◆ What to produce
Go through the listing beneath and show each line containing the string "where".
⟨
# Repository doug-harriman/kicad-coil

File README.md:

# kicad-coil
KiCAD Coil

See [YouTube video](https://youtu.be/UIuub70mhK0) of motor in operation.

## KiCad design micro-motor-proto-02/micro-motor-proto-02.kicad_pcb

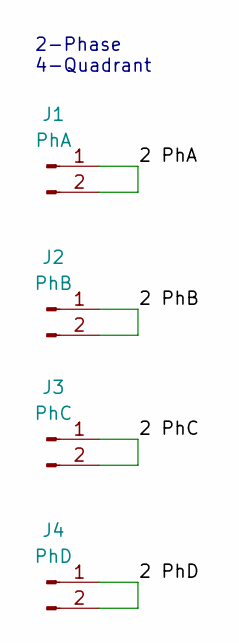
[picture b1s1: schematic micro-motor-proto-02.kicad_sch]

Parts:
J1: PhA; PinHeader_1x02_P2.54mm_Vertical
J2: PhB; PinHeader_1x02_P2.54mm_Vertical
J3: PhC; PinHeader_1x02_P2.54mm_Vertical
J4: PhD; PinHeader_1x02_P2.54mm_Vertical

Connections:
/2 PhA: J1.1, J1.2
/2 PhB: J2.1, J2.2
/2 PhC: J3.1, J3.2
/2 PhD: J4.1, J4.2

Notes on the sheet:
2-Phase 4-Quadrant

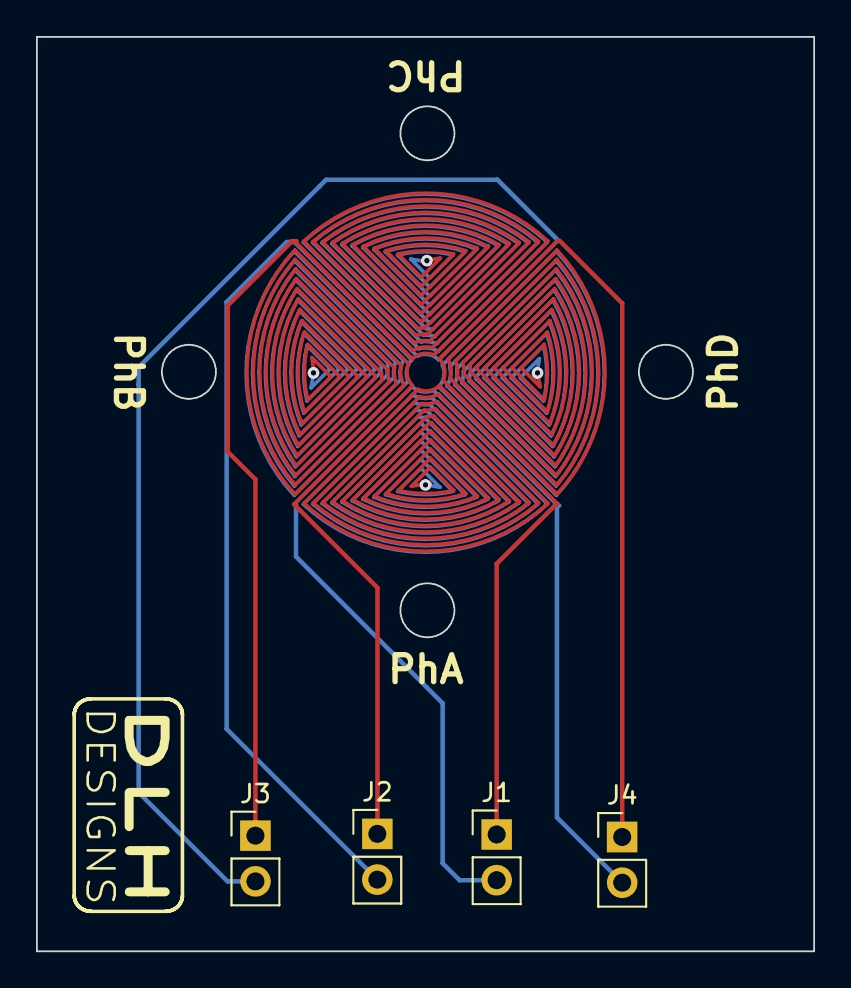
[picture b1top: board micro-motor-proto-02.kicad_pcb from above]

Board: 2 copper layers, 43.2 x 50.8 mm, 4 parts (0 on the bottom side), 4 nets.

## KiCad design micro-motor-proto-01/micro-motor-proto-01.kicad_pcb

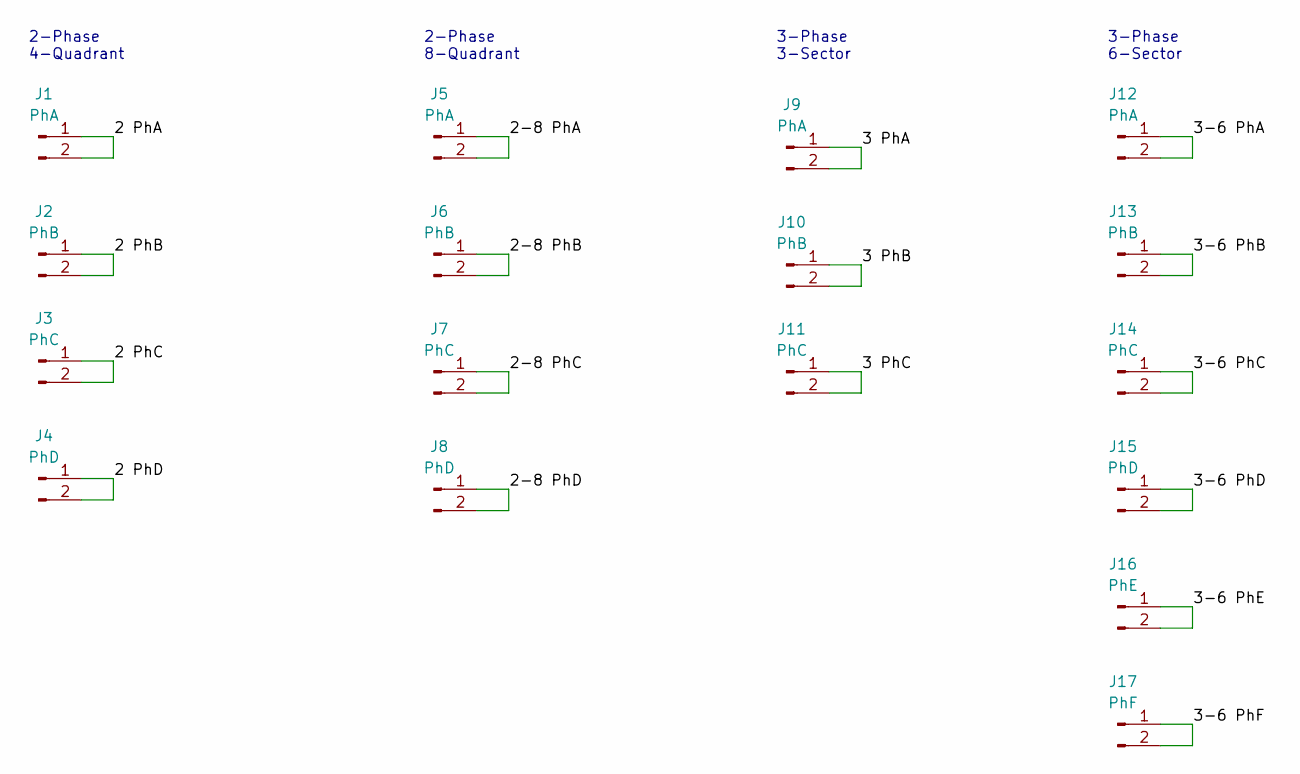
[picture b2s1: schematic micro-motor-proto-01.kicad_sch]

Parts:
J1, J5, J9, J12: PhA; PinHeader_1x02_P2.54mm_Vertical
J2, J6, J10, J13: PhB; PinHeader_1x02_P2.54mm_Vertical
J3, J7, J11, J14: PhC; PinHeader_1x02_P2.54mm_Vertical
J4, J8, J15: PhD; PinHeader_1x02_P2.54mm_Vertical
J16: PhE; PinHeader_1x02_P2.54mm_Vertical
J17: PhF; PinHeader_1x02_P2.54mm_Vertical

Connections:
/2 PhA: J1.1, J1.2
/2 PhB: J2.1, J2.2
/2 PhC: J3.1, J3.2
/2 PhD: J4.1, J4.2
/2-8 PhA: J5.1, J5.2
/2-8 PhB: J6.1, J6.2
/2-8 PhC: J7.1, J7.2
/2-8 PhD: J8.1, J8.2
/3 PhA: J9.1, J9.2
/3 PhB: J10.1, J10.2
/3 PhC: J11.1, J11.2
/3-6 PhA: J12.1, J12.2
/3-6 PhB: J13.1, J13.2
/3-6 PhC: J14.1, J14.2
/3-6 PhD: J15.1, J15.2
/3-6 PhE: J16.1, J16.2
/3-6 PhF: J17.1, J17.2

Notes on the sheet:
3-Phase 3-Sector
3-Phase 6-Sector
2-Phase 8-Quadrant
2-Phase 4-Quadrant

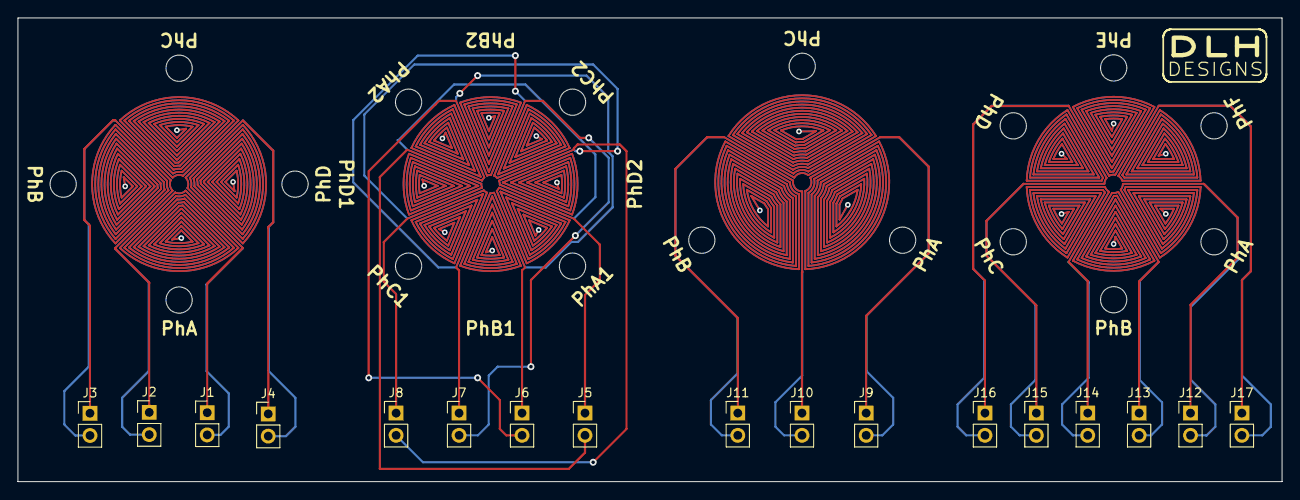
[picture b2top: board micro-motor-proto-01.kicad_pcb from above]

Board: 2 copper layers, 144.5 x 53.0 mm, 17 parts (0 on the bottom side), 17 nets.

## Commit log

2022-06-05 Initial commit.
2022-06-05 Nice arc plotting working.
2022-06-06 Segments looking correct now.
2022-06-07 Major updates to 3ph coil script.
    * Write KiCAD output
    * Translate geometry
    * Captured many TODO items.
    * Captured other URL's to important docs.
2022-06-07 Converted Segment and Arc to classes.
2022-06-08 Coil 3ph now using Track classes for generation.
2022-06-08 Major updates to class based coil generation:
    * Point
    * X & Y setters.
    * __repr__
    * Track deep copy method with new UUID for copy.
    * Segment
    * Default start/end points in constructor.
2022-06-09 Created SectorCoil class as building block. Simple 4-quadrant coil example.
    * __deepcopy__ of Groups.
    * SectorCoil is derived class from Group
    * Translate and rotate groups
2022-06-09 More class property getter/setters
2022-06-10 Multi-phase coil generator started.
    * Generic multi-phase coil implementation. Single layer working.
    * Added ability to flip sides for basic geometry
    * Many property set/get methods.
    * Fixed defect on group copy where wasn't cleaning out old elements, but re-adding.
2022-06-11 Added some setters.
    * Cleaned up some defective setter checks.
    * Cleaned up a lint warning.
2022-06-11 Added Via class.
    * __str__ for Point added
    * __repr__ for Track added
    * __repr__ for Segment and Arc updated.
    * Arc start,mid and end point accessors for 2D points.
2022-06-11 GrText class added.
    * Arc radius property accessors
    * Arc mid angle property getter.
2022-06-11 Multiphase coil labels getting added now.
2022-06-11 Segment and Arc have all property get/set methods.
2022-06-11 2 layer coil working. many small cleanups.
2022-06-11 MultiPhase coil multiplicity working.
2022-06-11 MultiPhaseCoil property get/set adds.
2022-06-12 Initial commit of info repository on KiCAD.
2022-06-12 Basic coil generation fixed so getting clean coils: ONLY for 90deg sectors right now.
2022-06-12 Basic 90 deg coil working with constraint of track width = via size.
    * Added MPC via parameter.
    * Added last half arc
2022-06-12 SectorCoil now supports arbitrary sector angles.
2022-06-13 GrCircle class added. Center & mounting holes supported.
2022-06-13 Fixed defect in Segment end point set. Also:
    * Added logging
    * Stop creating inner arcs when lines intersect.
2022-06-14 Segment intersection point now used for small, inner coils.
2022-06-14 Coil winding terminates on via size correctly now.
2022-06-15 Fixed defect where MPC vias were getting translated twice.
2022-06-15 SectorCoil pointstart/end properties.
    * MPC uses SC pointend for via placement.
2022-06-15 Group FindByClass method implemented.
2022-06-15 MPC now using Group.FindByClass method.
2022-06-15 Group FindByProperty method implemented.
2022-06-16 Cleanups.
2022-06-17 Flake8 warning cleanups.
2022-06-17 Fixed MPC variable not found error due to unhandled state.
2022-06-23 Coil point start & point end methods added. Started on new SectorCoil::Generate method.
2022-06-23 Added angle property for Segment
2022-06-26 Using correct via positions now.
    * Had been incorrectly making too many copies of elements due to a Generate() call in setting nets.
    * Missed dividing angle by 2 for bisector.
    * Had been genearing via position from the flipped via. Flipping currently swaps start/end positions so was pulling wrong position. This needs to be revisited.
2022-06-26 Coils going to correct net now.
    * SectorCoil.net setter now recursively sets net for any child Tracks.
2022-06-26 Fixed error in coil termination. Now getting max segments.
    * Moved ID & OD update points
    * Checking for termination before adding arcs.
    * Updated calc of bisector angle for via placement.
2022-06-27 Segment intersection seg generation working. Need stopping criteria.
2022-06-27 Add new Point methods
    * magniude
    * angle
    * __add__
2022-06-28 Initial PCA design commit.
2022-06-30 Added phase coil documentation.
2022-06-30 Many updates to coil generation classes:
    * Point & Segment angles handle pi to zero mapping.
    * __iadd__ and __sub__ for point
    * DistToPoint method for segment.
    * Started adding tangential direction fit calcs.
2022-06-30 KiCad notes updates.
2022-06-30 Simplified to get nets right for early dev.
2022-07-03 Via placement looks correct now for non-inner arc coils.
2022-07-10 Text pattern dia specifier. Hack around inconistencies in modulo.
2022-07-10 Multi-coil generator script.
2022-07-10 gitignore added
2022-07-10 Schematic & layout updates
2022-07-10 Ignore Kiri (KiCAD diff) files.
2022-07-10 Routing complete.
2022-12-29 Rev 2 board, swapped bottom layer coil direction.
2023-02-04 Updated documentaiton
2023-02-04 Updated params from first working test
2023-02-04 gitignore update.
2023-02-08 Added MagPyLib B-field simulation of sector coil.
2023-02-08 Removed example plots in favor of my generated plot.
2023-02-08 Added in permanent magnet.
2023-02-08 Added bottom layer coil, updated model per fab house rules.
2023-02-11 Converted config info to markdown.
2023-02-11 Added FEMM simulation
2023-02-13 Pyhon generation of FEMM geometry working.
2023-02-14 Circuit now added to coil tracks.
2023-02-20 Various documentation updates.
2023-02-20 KiCAD 6 -> KiCAD 7 conversion
2023-02-20 Formatting updates
2023-02-20 Lots of PCB design data info captured.
2023-02-20 PCB fab data update
2023-02-20 Design doc updates
2023-02-20 Rect base class & bounary_generate method for model.
2023-02-20 Base analysis now working with Python FEMM interface.
    * Magnet properties fully implemented.
    * Meshing and analysis implemeted on Femm object.
    * Magnet method for force calc working.
2023-02-21 Moving magnet analysis added to femm_model
    * GUI display control
    * B-field image generation per analysis.
    * Rect position helper properties
    * Magnet position looping added.
    * Force plot generation via Plotly & display.
2023-02-21 Added file to convert PNG's to MPG.
2023-02-21 Capture sim data to CSV.
2023-06-17 FEMM model updates captured.
2023-06-17 Added magpylib files.
2023-06-17 Added more FEMM files.
2023-06-17 Added links for PCB mfg services.
2023-06-17 Added more web links.
2023-06-17 Hall sensor field measurements.
2023-06-17 CNC shield info.
2023-06-17 Updated gitignore.
2023-06-17 Capturing info on magnetic simulation tools.
⟩
◆ Result of this task
    * Fixed defect on group copy where wasn't cleaning out old elements, but re-adding.
2022-06-15 Fixed defect where MPC vias were getting translated twice.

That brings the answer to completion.